# Lions For Lambs - DVD review



## Owen Bartley (Oct 18, 2006)

This was a movie that I had some vague interest in while it was at the theatre, but I believe it had a fairly short run despite the star power involved. I'm not usually one for the extremely political movies, but this one looked a little more interesting than most, and in the end I wasn't disappointed.

Lions for Lambs follows a few stories, which I didn't know before watching it, and I think that's what kept me most involved in it. What I'd call the main story line involves Senator Jasper Irving (Tom Cruise) giving a rare private interview to veteran journalist Janine Roth (Meryl Streep). We learn that Irving has been hailed as the next star of his political party, and that it was in fact Roth who was the first to name him that, and this interview is a kind of thank you to her. The interview centers around the US government's new plan to end the war in Afghanistan, by using small groups of fighters to take and hold points of high ground on the battlefield. 

This brings us to another storyline. Two US soldiers, Ernest and Arian who just happen to be part of that new strategy, and are on their way to the front line to secure a particular peak in the mountains of Afghanistan with the rest of their unit. As they pass some old anti-aircraft equipment that has been declared unusable and safe, it all hits the fan as they learn they were very wrong about that. In the battle, Ernest is thrown from the chopper, and Arian jumps out after his friend.

Next story... set at "a California University" poly-sci professor Dr. Malley (Robert Redford) has called one of his students in early one morning to discuss his attitude, and his recent absence from classes. I found this story the least interesting, but it all ties in. Malley sees potential in this one, as he occasionally does, and is pushing for him to do something with his gift, rather than to just coast by, land a cushy job, and live the easy life. He tells the story of two of his other students who have put their beliefs and their lives on the line by joining the army... that's right, Ernest and Arian. Despite Malley's protests to them, they march off to war.

The stories keep switching back and forth, and Malley pushes harder, Cruise spouts buzzwords and promises results, and Ernest and Arian get deeper and deeper into trouble on the mountain. Before the end of the interview, Irving takes a phone call where he learns of the disastrous first implementation of his grand new plan. After the interview, Roth takes to heart some of Irving's comments to her about how journalists are just as responsible for the war as the politicians, and begins wrestling with the fact that her career has gotten off track and out of her control as the mass media does seem to care less about what they report and what is really right and wrong. A rescue effort is under way for Ernest and Arian, and things continue to look dismal for the two, as we see flashes back to their classroom days with Malley and see where their determination comes from.
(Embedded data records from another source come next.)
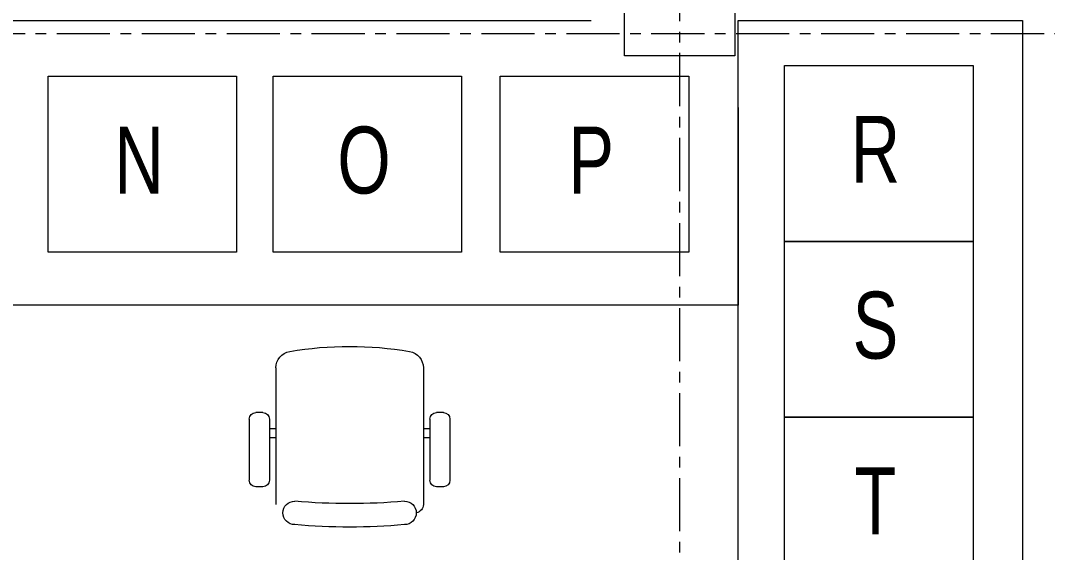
# Model space of a CAD drawing. Header units: millimetres. Extents: x 26027 to 581921, y 7230 to 233891.
# Drawn here: x 565777 to 568849, y 140796 to 142385 of the extents above; entities that cross this region are included whole.
import ezdxf

# ---------------------------------------------------------------- set-up
doc = ezdxf.new("R2010")
doc.units = ezdxf.units.MM
doc.header["$LTSCALE"] = 5
doc.linetypes.add('CENTER', pattern=[50.8, 31.75, -6.35, 6.35, -6.35])
doc.layers.get('0').update_dxf_attribs({"color": 252})
doc.layers.add('axes', color=252, linetype='Continuous')
for name, color, linetype, lineweight in [('Medical Equipment and Furniture', 252, 'Continuous', 0), ('NEW', 252, 'Continuous', 5), ('Structure', 252, 'Continuous', 5)]:
    doc.layers.add(name, color=color, linetype=linetype, lineweight=lineweight)
doc.styles.add('X3G_ENTITY_2587EA', font='swisscl.ttf', dxfattribs={"height": 200})

# ---------------------------------------------------------------- blocks, each defined once
blk = doc.blocks.new('*X15')
at = {"color": 0}
for p, q in [((5, 3), (5, 3)), ((5, 3), (5, 3)), ((5, 3), (5, 3)), ((5, 3), (5, 3)), ((5, 3), (5, 3)), ((5, 3), (5, 3)), ((5, 3), (5, 3)), ((5, 3), (5, 3)), ((5, 3), (5, 3)), ((5, 3), (5, 3)), ((5, 3), (5, 3)), ((5, 3), (5, 3)), ((5, 3), (5, 3)), ((5, 3), (5, 3)), ((5, 3), (5, 3)), ((5, 3), (5, 3)), ((5, 3), (5, 3)), ((5, 3), (5, 3)), ((5, 3), (5, 3)), ((5, 3), (5, 3)), ((5, 3), (5, 3)), ((5, 3), (5, 3)), ((5, 3), (5, 3)), ((5, 3), (5, 3)), ((5, 3), (5, 3)), ((5, 3), (5, 3)), ((5, 3), (5, 3)), ((5, 3), (5, 3)), ((5, 3), (5, 3)), ((5, 3), (5, 3)), ((5, 3), (5, 3)), ((5, 3), (5, 3)), ((5, 3), (5, 3)), ((5, 3), (5, 3)), ((5, 3), (5, 3)), ((5, 3), (5, 3)), ((5, 3), (5, 3)), ((5, 3), (5, 3)), ((5, 3), (5, 3)), ((5, 3), (5, 3)), ((5, 3), (5, 3)), ((5, 3), (5, 3)), ((5, 3), (5, 3)), ((5, 3), (5, 3)), ((5, 3), (5, 3)), ((5, 3), (5, 3)), ((5, 3), (5, 3)), ((5, 3), (5, 3)), ((5, 3), (5, 3)), ((5, 3), (5, 3)), ((5, 3), (5, 3)), ((5, 3), (5, 3)), ((5, 3), (5, 3)), ((5, 3), (5, 3)), ((5, 3), (5, 3)), ((5, 3), (5, 3)), ((5, 3), (5, 3)), ((5, 3), (5, 3)), ((5, 3), (5, 3)), ((5, 3), (5, 3)), ((5, 3), (5, 3)), ((5, 3), (5, 3)), ((5, 3), (5, 3)), ((5, 3), (5, 3)), ((5, 3), (5, 3)), ((5, 3), (5, 3)), ((6, 3), (5, 3)), ((5, 3), (5, 3)), ((6, 3), (5, 3)), ((5, 3), (5, 3)), ((6, 3), (5, 3)), ((5, 3), (5, 3)), ((6, 3), (5, 3)), ((5, 3), (5, 3)), ((5, 3), (5, 3)), ((5, 3), (5, 3)), ((5, 3), (5, 3)), ((5, 3), (5, 3)), ((5, 3), (5, 3)), ((5, 3), (5, 3)), ((5, 3), (5, 3)), ((5, 3), (5, 3)), ((5, 3), (5, 3)), ((5, 3), (5, 3)), ((5, 3), (5, 3)), ((5, 3), (5, 3)), ((5, 3), (5, 3)), ((5, 3), (5, 3)), ((5, 3), (5, 3)), ((5, 3), (5, 3)), ((5, 3), (5, 3)), ((5, 3), (5, 3)), ((5, 3), (5, 3)), ((5, 3), (5, 3)), ((5, 3), (5, 3)), ((5, 3), (5, 3)), ((6, 3), (6, 3)), ((6, 3), (6, 3)), ((6, 3), (6, 3)), ((6, 3), (6, 3)), ((6, 3), (6, 3)), ((6, 3), (6, 3)), ((6, 3), (6, 3)), ((6, 3), (6, 3)), ((6, 3), (6, 3)), ((6, 3), (6, 3)), ((6, 3), (6, 3)), ((6, 3), (6, 3)), ((6, 3), (6, 3)), ((6, 3), (6, 3)), ((6, 3), (6, 3)), ((6, 3), (6, 3)), ((6, 3), (6, 3)), ((6, 3), (6, 3)), ((6, 3), (6, 3)), ((6, 3), (6, 3)), ((6, 3), (6, 3)), ((6, 3), (6, 3)), ((6, 3), (6, 3)), ((6, 3), (6, 3)), ((6, 3), (6, 3)), ((6, 3), (6, 3)), ((6, 3), (6, 3)), ((6, 3), (6, 3)), ((6, 3), (6, 3)), ((6, 3), (6, 3)), ((6, 3), (6, 3)), ((6, 3), (6, 3)), ((6, 3), (6, 3)), ((6, 3), (6, 3)), ((6, 3), (6, 3)), ((6, 3), (6, 3)), ((6, 3), (6, 3)), ((6, 3), (6, 3)), ((6, 3), (6, 3)), ((6, 3), (6, 3)), ((6, 3), (6, 3)), ((6, 3), (6, 3)), ((6, 3), (6, 3)), ((6, 3), (6, 3)), ((6, 3), (6, 3)), ((6, 3), (6, 3)), ((6, 3), (6, 3)), ((6, 3), (6, 3)), ((6, 3), (6, 3)), ((6, 3), (6, 3)), ((6, 3), (6, 3)), ((6, 3), (6, 3)), ((6, 3), (6, 3)), ((6, 3), (6, 3)), ((6, 3), (6, 3)), ((6, 3), (6, 3)), ((6, 3), (6, 3)), ((6, 3), (6, 3)), ((6, 3), (6, 3)), ((6, 3), (6, 3)), ((6, 3), (6, 3)), ((6, 3), (6, 3)), ((6, 3), (6, 3)), ((6, 3), (6, 3)), ((6, 3), (6, 3)), ((6, 3), (6, 3)), ((6, 3), (6, 3)), ((6, 3), (6, 3)), ((6, 3), (6, 3)), ((6, 3), (6, 3)), ((6, 3), (6, 3)), ((6, 3), (6, 3)), ((6, 3), (6, 3)), ((6, 3), (6, 3)), ((6, 3), (6, 3)), ((6, 3), (6, 3)), ((6, 3), (6, 3)), ((6, 3), (6, 3)), ((6, 3), (6, 3)), ((6, 3), (6, 3)), ((6, 3), (6, 3)), ((6, 3), (6, 3)), ((6, 3), (6, 3)), ((6, 3), (6, 3)), ((6, 3), (6, 3)), ((6, 3), (6, 3)), ((6, 3), (6, 3)), ((6, 3), (6, 3)), ((6, 3), (6, 3)), ((6, 3), (6, 3)), ((6, 3), (6, 3)), ((6, 3), (6, 3)), ((6, 3), (6, 3)), ((6, 3), (6, 3)), ((6, 3), (6, 3)), ((6, 3), (6, 3)), ((6, 3), (6, 3)), ((6, 3), (6, 3)), ((6, 3), (6, 3)), ((6, 3), (6, 3)), ((6, 3), (6, 3)), ((6, 3), (6, 3)), ((6, 3), (6, 3)), ((6, 3), (6, 3)), ((6, 3), (6, 3)), ((6, 3), (6, 3)), ((6, 3), (6, 3)), ((6, 3), (6, 3)), ((6, 3), (6, 3)), ((6, 3), (6, 3)), ((6, 3), (6, 3)), ((6, 3), (6, 3)), ((6, 3), (6, 3)), ((6, 3), (6, 3)), ((6, 3), (6, 3)), ((6, 3), (6, 3)), ((6, 3), (6, 3)), ((6, 3), (6, 3)), ((6, 3), (6, 3)), ((6, 3), (6, 3)), ((6, 3), (6, 3)), ((6, 3), (6, 3)), ((6, 3), (6, 3)), ((6, 3), (6, 3)), ((6, 3), (6, 3)), ((6, 3), (6, 3)), ((6, 3), (6, 3)), ((6, 3), (6, 3)), ((6, 3), (6, 3)), ((6, 3), (6, 3)), ((6, 3), (6, 3)), ((6, 3), (6, 3)), ((6, 3), (6, 3)), ((6, 3), (6, 3)), ((6, 3), (6, 3)), ((6, 3), (6, 3)), ((6, 3), (6, 3)), ((6, 3), (6, 3)), ((6, 3), (6, 3)), ((6, 3), (6, 3)), ((6, 3), (6, 3)), ((6, 3), (6, 3)), ((6, 3), (6, 3)), ((6, 3), (6, 3)), ((6, 3), (6, 3)), ((6, 3), (6, 3)), ((6, 3), (6, 3)), ((6, 3), (6, 3)), ((6, 3), (6, 3)), ((6, 3), (6, 3)), ((6, 3), (6, 3)), ((6, 3), (6, 3)), ((6, 3), (6, 3)), ((6, 3), (6, 3)), ((6, 3), (6, 3)), ((6, 3), (6, 3)), ((6, 3), (6, 3)), ((6, 3), (6, 3)), ((6, 3), (6, 3)), ((6, 3), (6, 3)), ((6, 3), (6, 3)), ((6, 3), (6, 3)), ((6, 3), (6, 3)), ((6, 3), (6, 3)), ((6, 3), (6, 3)), ((6, 3), (6, 3)), ((6, 3), (6, 3)), ((6, 3), (6, 3)), ((6, 3), (6, 3)), ((6, 3), (6, 3)), ((6, 3), (6, 3)), ((6, 3), (6, 3)), ((6, 3), (6, 3)), ((6, 3), (6, 3)), ((6, 3), (6, 3)), ((6, 3), (6, 3)), ((6, 3), (6, 3)), ((6, 3), (6, 3)), ((6, 3), (6, 3)), ((6, 3), (6, 3)), ((6, 3), (6, 3)), ((6, 3), (6, 3)), ((6, 3), (6, 3)), ((6, 3), (6, 3)), ((6, 3), (6, 3)), ((6, 3), (6, 3)), ((6, 3), (6, 3)), ((6, 3), (6, 3)), ((6, 3), (6, 3)), ((6, 3), (6, 3)), ((6, 3), (6, 3)), ((6, 3), (6, 3)), ((6, 3), (6, 3)), ((6, 3), (6, 3)), ((6, 3), (6, 3)), ((6, 3), (6, 3)), ((6, 3), (6, 3)), ((6, 3), (6, 3)), ((6, 3), (6, 3)), ((6, 3), (6, 3)), ((6, 3), (6, 3)), ((6, 3), (6, 3)), ((6, 3), (6, 3)), ((6, 3), (6, 3)), ((6, 3), (5, 3)), ((6, 3), (5, 3)), ((6, 3), (5, 3)), ((6, 3), (5, 3)), ((6, 3), (5, 3)), ((6, 3), (6, 3)), ((6, 3), (6, 3)), ((6, 3), (6, 3)), ((6, 3), (6, 3)), ((6, 3), (6, 3)), ((6, 3), (6, 3)), ((6, 3), (6, 3)), ((6, 3), (6, 3)), ((6, 3), (6, 3)), ((6, 3), (6, 3)), ((6, 3), (6, 3)), ((6, 3), (6, 3)), ((6, 3), (6, 3)), ((6, 3), (6, 3)), ((6, 3), (6, 3)), ((6, 3), (6, 3)), ((6, 3), (6, 3)), ((6, 3), (6, 3)), ((6, 3), (6, 3)), ((6, 3), (6, 3)), ((6, 3), (6, 3)), ((6, 3), (6, 3)), ((6, 3), (6, 3)), ((6, 3), (6, 3)), ((6, 3), (6, 3)), ((6, 3), (6, 3)), ((6, 3), (6, 3)), ((6, 3), (6, 3)), ((6, 3), (6, 3)), ((6, 3), (6, 3)), ((6, 3), (6, 3)), ((6, 3), (6, 3)), ((6, 3), (6, 3)), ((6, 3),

As I said, for a politically themed movie, I was fairly impressed, and I stayed pretty involved right through. It had moments of action with the Ernest and Arian story, and some other fun parts with the others, but they switched up enough so that no one story went on too long and got stale. I'd give it a solid 7 out of 10, mostly just for being better than expected.


----------



## Sonnie (Apr 11, 2006)

I have not watched it yet, but plan to. Some of our friends said they thought the movie did not really get started until towards the end.


----------